金利の設定への政治的な干渉はときに直接的に行われたが、目立たない形で行われることもあった。
1972年、インフレの加速に直面した米国のリチャード・ニクソン大統領は、連邦準備制度理事会が金利を引き上げて経済を鈍化させるのではないかという懸念を抱いた。
このときニクソンは、連邦準備制度理事会に圧力をかけようとして、連邦準備制度理事会議長のアーサー・バーンズが給与の50%引き上げを要求しているという虚偽の情報を流した。
このような「政治的な景気循環」が明るみに出たことで、状況は変わり始めた。財政政策は引き続き、選挙で選ばれた政治家によって決められたが、金融政策は中央銀行の独自の判断で実施されるようになった。
先進国では、1980年代を通じて、中央銀行の独立性が着実に増していった。高所得国の中央銀行は、一般の公務員と同等の自律性しか持たない機関から、裁判官に与えられているのと同じ独立性を持った機関へと、一歩一歩近づいていった。
インフレ目標の導入と短期金利の操作
中央銀行は独立性を強めただけではなかった。インフレを直接、目標にし始めた。
1970年代と80年代、中央銀行は中間的な指標(通貨集計量や信用集計量など)を目標にしていた。しかししだいにインフレと通貨供給量との関係は弾力的なものにできるという認識が広まっていった。

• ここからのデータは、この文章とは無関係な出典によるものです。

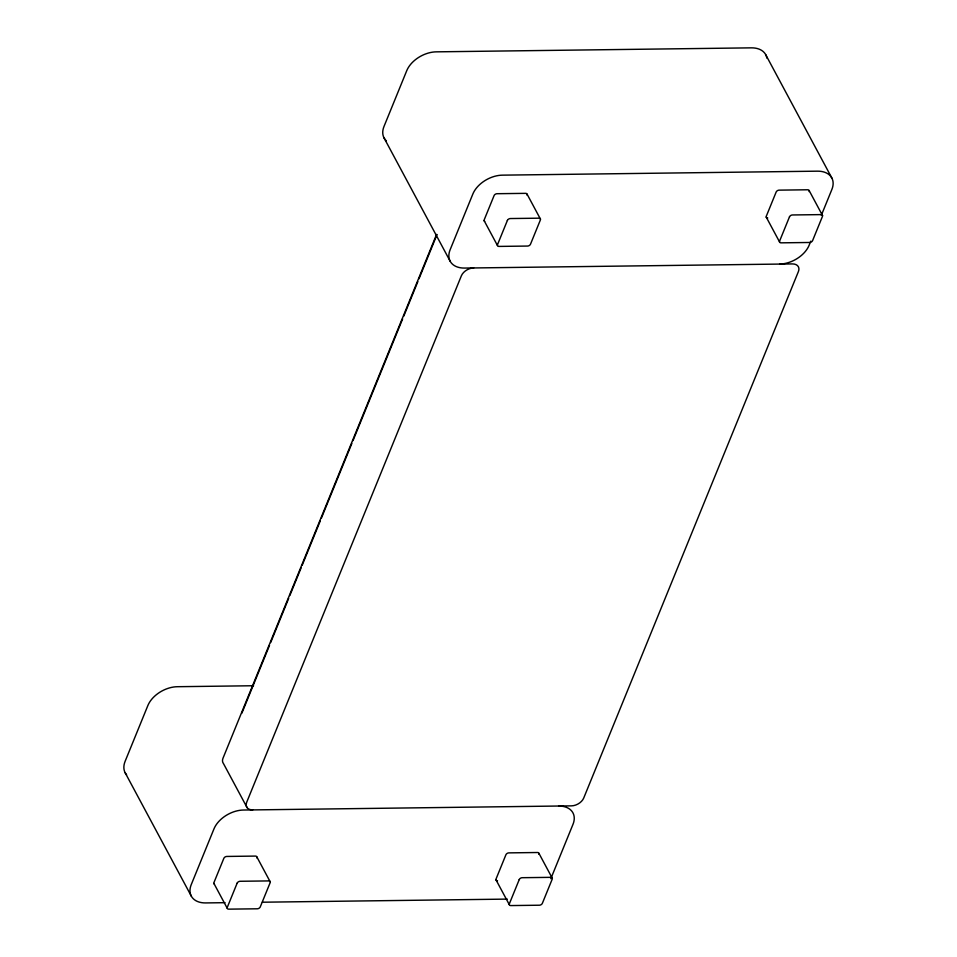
<?xml version="1.0" encoding="UTF-8"?>
<svg xmlns="http://www.w3.org/2000/svg" width="957" height="957" viewBox="0 0 957 957"><rect width="100%" height="100%" fill="white"/><g stroke="black" fill="none" stroke-linecap="round" stroke-linejoin="round"><path stroke-width="1.44" d="M436.571 234.429L223.029 758.135A10.371 6.807 -28.2 0 0 223.471 763.578L247.145 807.72M241.87 713.18L269.515 645.401M270.64 642.626L288.691 598.364M289.815 595.601L301.096 567.932M302.221 565.168L320.272 520.907M321.396 518.132L351.865 443.438M352.989 440.675L402.622 318.944M403.758 316.181L417.862 281.597M418.987 278.822L437.038 234.561M550.825 878.717L572.992 824.336A24.882 16.329 -28.2 0 0 558.589 806.033M810.806 241.14L809.144 245.219A24.882 16.329 -28.2 0 1 779.584 264.072M821.345 215.301L831.872 189.474A24.882 16.329 -28.2 0 0 817.469 171.171L502.413 175.155A24.882 16.329 -28.2 0 0 472.854 194.02L450.125 249.765A24.882 16.329 -28.2 0 0 464.528 268.068L792.408 263.917A10.371 6.807 -28.2 0 1 798.413 271.537L583.734 798.006A10.371 6.807 -28.2 0 1 571.413 805.866L243.533 810.029A24.882 16.329 -28.2 0 0 213.973 828.882L191.244 884.627A24.882 16.329 -28.2 0 0 205.647 902.929L225.062 902.678M253.569 685.738L177.416 686.707A24.882 16.329 -28.2 0 0 147.857 705.56L125.128 761.305A24.882 16.329 -28.2 0 0 126.599 774.847M262.397 902.212L507.27 899.102M765.684 54.633L831.8 177.942M809.215 190.682L822.53 215.516M766.234 217.107L779.548 241.93M527.14 194.259L540.442 219.081M484.146 220.684L497.461 245.506M384.08 137.975L450.197 261.285M538.982 853.417L552.297 878.251M495.989 879.842L509.303 904.664M256.895 856.994L270.209 881.816M213.901 883.419L227.216 908.241M125.2 772.837L191.316 896.147M766.868 58.114A24.882 16.329 -28.2 0 0 751.353 47.85L436.296 51.845A24.882 16.329 -28.2 0 0 406.737 70.698L384.008 126.444A24.882 16.329 -28.2 0 0 386.353 140.87M473.691 267.948A10.371 6.807 -28.2 0 0 461.37 275.807L246.691 802.277A10.371 6.807 -28.2 0 0 252.696 809.909M767.753 218.017A2.488 1.627 -28.2 0 1 766.318 216.186L776.163 192.022A2.488 1.627 -28.2 0 1 779.118 190.144L807.696 189.773A2.488 1.627 -28.2 0 1 809.132 191.603M484.673 221.354A2.488 1.627 -28.2 0 1 484.23 219.751L494.075 195.599A2.488 1.627 -28.2 0 1 497.03 193.709L525.608 193.35A2.488 1.627 -28.2 0 1 527.044 195.18M497.508 880.751A2.488 1.627 -28.2 0 1 496.073 878.921L505.918 854.757A2.488 1.627 -28.2 0 1 508.873 852.878L537.451 852.508A2.488 1.627 -28.2 0 1 538.899 854.338M214.428 884.089A2.488 1.627 -28.2 0 1 213.985 882.486L223.842 858.333A2.488 1.627 -28.2 0 1 226.797 856.443L255.363 856.084A2.488 1.627 -28.2 0 1 256.811 857.915M237.145 883.167L227.299 907.32A2.488 1.627 -28.2 0 0 228.735 909.15L257.313 908.791A2.488 1.627 -28.2 0 0 260.268 906.901L270.125 882.749A2.488 1.627 -28.2 0 0 268.678 880.918L240.111 881.277A2.488 1.627 -28.2 0 0 237.145 883.167M507.389 220.433L497.544 244.585A2.488 1.627 -28.2 0 0 498.98 246.416L527.558 246.057A2.488 1.627 -28.2 0 0 530.513 244.167L540.358 220.014A2.488 1.627 -28.2 0 0 538.923 218.184L510.344 218.543A2.488 1.627 -28.2 0 0 507.389 220.433M519.232 879.591L509.387 903.743A2.488 1.627 -28.2 0 0 510.823 905.573L539.401 905.214A2.488 1.627 -28.2 0 0 542.356 903.324L552.201 879.172A2.488 1.627 -28.2 0 0 550.765 877.342L522.187 877.701A2.488 1.627 -28.2 0 0 519.232 879.591M789.477 216.856L779.632 241.008A2.488 1.627 -28.2 0 0 781.068 242.839L809.646 242.48A2.488 1.627 -28.2 0 0 812.601 240.59L822.446 216.438A2.488 1.627 -28.2 0 0 821.01 214.607L792.432 214.966A2.488 1.627 -28.2 0 0 789.477 216.856"/></g></svg>

ある中央銀行総裁がいらだたしげにいったように、「われわれが通貨集計量を捨てたわけではない。通貨集計量がわれわれを捨てたのだ」った。
世界で初めて中央銀行に明確なインフレ目標を設定させた国は、ニュージーランドだった。
1990年、ニュージーランド政府は中央銀行にインフレ率を0~2%の範囲内に抑えるよう求めた。ニュージーランドではそれまで何年も2桁台のインフレが続いていて、これはそのような極端な物価の不安定さを解消するために講じられた措置だった。